Taxpayer-funded bureaucrats have lined up former teammates to strike deals in which they anonymously accuse Armstrong of doping during the years he rode to victory in the Tour. Apparently, cycling is rife with use of performance-enhancing drugs like testosterone and endurance-boosting erythropoietin (EPO). On Monday, Armstrong’s legal team fought back with a complaint in U.S. district court in the western district of Texas alleging that the USADA is engaged in “an obsessive, unlawful, and meritless complaint to strip him of his Tour titles and ruin his legacy.”

It is a legacy that includes the establishment of a foundation to help cancer survivors and those, including children, who are battling the disease.

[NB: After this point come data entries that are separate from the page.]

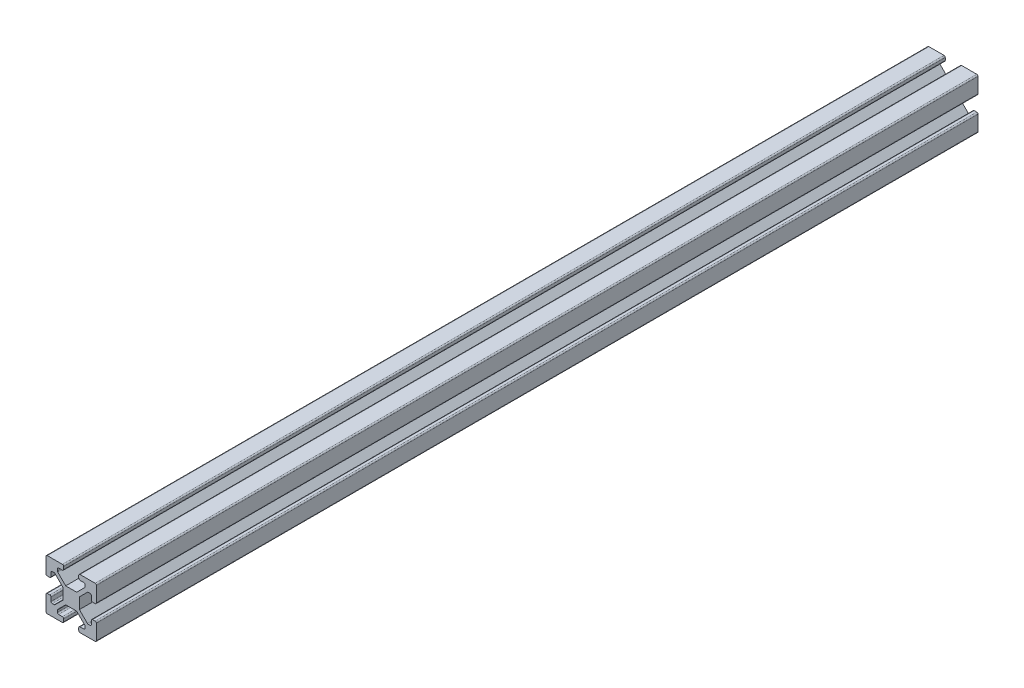
SolidWorks part; units mm, degrees
material "3.1645 (EN AW-2007)"
ref_plane "Front" through (0, 0, 0) normal (0, 0, 1) x (1, 0, 0)
ref_plane "Top" through (0, 0, 0) normal (0, 1, 0) x (1, 0, 0)
ref_plane "Right" through (0, 0, 0) normal (1, 0, 0) x (0, 0, -1)
sketch "草图1" plane through (0, 0, 0) normal (0, 0, 1) x (1, 0, 0)
  line L0 (6.5, 0) -> (0.5, 0)
  line L1 (20, -0.5) -> (20, -6.5)
  line L2 (19.5, -20) -> (13.5, -20)
  line L3 (20, -13.5) -> (20, -19.5)
  line L4 (13, -19.5) -> (13, -18.5)
  line L5 (13.5, -18) -> (15, -18)
  line L6 (15.5, -17.5) -> (15.5, -16.7791)
  line L7 (19.5, -7) -> (18.5, -7)
  line L8 (10, 0) -> (10, -26.2948) construction
  line L9 (18, -6.5) -> (18, -5)
  line L10 (17.5, -4.5) -> (16.7791, -4.5)
  line L11 (17.5, -15.5) -> (16.7791, -15.5)
  line L12 (18, -13.5) -> (18, -15)
  line L13 (19.5, -13) -> (18.5, -13)
  line L15 (0, -10) -> (20, -10) construction
  line L23 (4.5, -17.5) -> (4.5, -16.7791)
  line L24 (6.5, -18) -> (5, -18)
  line L25 (7, -19.5) -> (7, -18.5)
  line L27 (0.5, -20) -> (6.5, -20)
  line L29 (10, -20) -> (10, 6.2948) construction
  line L33 (0.5, -13) -> (1.5, -13)
  line L34 (2, -13.5) -> (2, -15)
  line L35 (2.5, -15.5) -> (3.2209, -15.5)
  line L36 (2.5, -4.5) -> (3.2209, -4.5)
  line L37 (2, -6.5) -> (2, -5)
  line L38 (0.5, -7) -> (1.5, -7)
  line L40 (7, -0.5) -> (7, -1.5)
  line L41 (6.5, -2) -> (5, -2)
  line L42 (4.5, -2.5) -> (4.5, -3.2209)
  line L43 (3.5745, -4.6464) -> (6.7416, -7.8136)
  line L44 (6.7416, -7.8136) -> (6.7416, -12.1864)
  line L45 (15.5, -2.5) -> (15.5, -3.2209)
  line L46 (13.5, -2) -> (15, -2)
  line L47 (13, -0.5) -> (13, -1.5)
  line L48 (19.5, 0) -> (13.5, 0)
  line L50 (10.3536, -10.3536) -> (20, -20) construction
  line L51 (4.6464, -3.5745) -> (7.8136, -6.7416)
  line L52 (7.8136, -6.7416) -> (12.1864, -6.7416)
  line L53 (0, -20) -> (9.6464, -10.3536) construction
  line L54 (15.3536, -3.5745) -> (12.1864, -6.7416)
  line L55 (13.2584, -7.8136) -> (13.2584, -12.1864)
  line L56 (16.4255, -4.6464) -> (13.2584, -7.8136)
  line L57 (10, 0) -> (10, -26.2948) construction
  line L58 (10, -20) -> (10, 6.2948) construction
  line L59 (16.4255, -15.3536) -> (13.2584, -12.1864)
  line L60 (15.3536, -16.4255) -> (12.3328, -13.4048)
  line L61 (8.0207, -13.2584) -> (11.9793, -13.2584)
  line L62 (4.6464, -16.4255) -> (7.6672, -13.4048)
  line L63 (3.5745, -15.3536) -> (6.7416, -12.1864)
  line L64 (0, -6.5) -> (0, -0.5)
  line L66 (0, -13.5) -> (0, -19.5)
  arc A0 (19.5, -7) -> (20, -6.5) centre (19.5, -6.5) ccw
  arc A1 (4.6464, -16.4255) -> (4.5, -16.7791) centre (5, -16.7791) ccw
  arc A2 (8.0207, -13.2584) -> (7.6672, -13.4048) centre (8.0207, -13.7584) ccw
  arc A3 (12.3328, -13.4048) -> (11.9793, -13.2584) centre (11.9793, -13.7584) ccw
  arc A4 (16.4255, -15.3536) -> (16.7791, -15.5) centre (16.7791, -15) ccw
  arc A5 (16.4255, -4.6464) -> (16.7791, -4.5) centre (16.7791, -5) cw
  arc A6 (15.3536, -16.4255) -> (15.5, -16.7791) centre (15, -16.7791) cw
  arc A7 (10.3536, -10.3536) -> (9.6464, -10.3536) centre (10, -10.7071) ccw construction
  arc A8 (15.3536, -3.5745) -> (15.5, -3.2209) centre (15, -3.2209) ccw
  arc A9 (3.5745, -15.3536) -> (3.2209, -15.5) centre (3.2209, -15) cw
  arc A10 (3.5745, -4.6464) -> (3.2209, -4.5) centre (3.2209, -5) ccw
  arc A11 (0.5, -7) -> (0, -6.5) centre (0.5, -6.5) cw
  arc A12 (2, -6.5) -> (1.5, -7) centre (1.5, -6.5) cw
  arc A13 (4.6464, -3.5745) -> (4.5, -3.2209) centre (5, -3.2209) cw
  arc A14 (2.5, -4.5) -> (2, -5) centre (2.5, -5) ccw
  arc A15 (2, -15) -> (2.5, -15.5) centre (2.5, -15) ccw
  arc A16 (1.5, -13) -> (2, -13.5) centre (1.5, -13.5) cw
  arc A17 (0.5, -13) -> (0, -13.5) centre (0.5, -13.5) ccw
  arc A18 (19.5, -13) -> (20, -13.5) centre (19.5, -13.5) cw
  arc A19 (13.5, 0) -> (13, -0.5) centre (13.5, -0.5) ccw
  arc A20 (13, -1.5) -> (13.5, -2) centre (13.5, -1.5) ccw
  arc A21 (15, -2) -> (15.5, -2.5) centre (15, -2.5) cw
  arc A22 (18, -13.5) -> (18.5, -13) centre (18.5, -13.5) cw
  arc A23 (4.5, -2.5) -> (5, -2) centre (5, -2.5) cw
  arc A24 (6.5, -2) -> (7, -1.5) centre (6.5, -1.5) ccw
  arc A25 (7, -0.5) -> (6.5, 0) centre (6.5, -0.5) ccw
  arc A26 (6.5, -18) -> (7, -18.5) centre (6.5, -18.5) cw
  arc A27 (4.5, -17.5) -> (5, -18) centre (5, -17.5) ccw
  arc A28 (17.5, -15.5) -> (18, -15) centre (17.5, -15) ccw
  arc A29 (15, -18) -> (15.5, -17.5) centre (15, -17.5) ccw
  arc A30 (13, -18.5) -> (13.5, -18) centre (13.5, -18.5) cw
  arc A31 (18, -5) -> (17.5, -4.5) centre (17.5, -5) ccw
  arc A32 (18.5, -7) -> (18, -6.5) centre (18.5, -6.5) cw
  arc A33 (19.5, 0) -> (20, -0.5) centre (19.5, -0.5) cw
  arc A34 (0.5, 0) -> (0, -0.5) centre (0.5, -0.5) ccw
  arc A35 (7, -19.5) -> (6.5, -20) centre (6.5, -19.5) cw
  arc A36 (13.5, -20) -> (13, -19.5) centre (13.5, -19.5) cw
  arc A37 (0.5, -20) -> (0, -19.5) centre (0.5, -19.5) cw
  arc A38 (20, -19.5) -> (19.5, -20) centre (19.5, -19.5) cw
  point P28 (4.5, -16.572)
  point P50 (10, -6.7416)
  point P56 (13.2584, -10)
  point P61 (6.7416, -10)
  point P62 (10, -13.2584)
  point P63 (7.8136, -13.2584)
  point P66 (12.1864, -13.2584)
  point P69 (16.572, -15.5)
  point P72 (16.572, -4.5)
  point P75 (15.5, -16.572)
  point P78 (10, -10)
  point P81 (15.5, -3.428)
  point P84 (3.428, -15.5)
  point P87 (3.428, -4.5)
  point P94 (4.5, -3.428)
  point P107 (13, 0)
  point P110 (13, -2)
  point P113 (15.5, -2)
  point P118 (4.5, -2)
  point P121 (7, -2)
  point P124 (7, 0)
  point P127 (7, -18)
  point P130 (4.5, -18)
  point P135 (15.5, -18)
  point P138 (13, -18)
  point P145 (20, 0)
  point P148 (0, 0)
  point P151 (7, -20)
  point P154 (13, -20)
  dimension "D1" = 6.7416
  dimension "D2" = 6
  dimension "D3" = 2
extrude "凸台-拉伸1" add sketch "草图1" along normal blind 350

On Tuesday it was announced that two doctors and a trainer who worked with the U.S. Postal Service team–the team Armstrong stuck with, despite more lucrative offers from numerous other teams after he started winning–for his seven Tour de France competitions because they gave him a shot after he beat testicular cancer, have been banned from treating cyclists because they peddled performance enhancing drugs.

Readers of Armstrong’s book, “It’s Not about the Bike,” in which he recounted some of his quest to overcome stage-4 testicular cancer, compete, and win the toughest cycling contest in the world will recall that he does reference the use of these drugs by some competitors. He states clearly in the book (here I paraphrase) that, given the excruciating nature of his battle with cancer and his battle to survive, he would never be tempted to put into his body anything that could likely compromise his health.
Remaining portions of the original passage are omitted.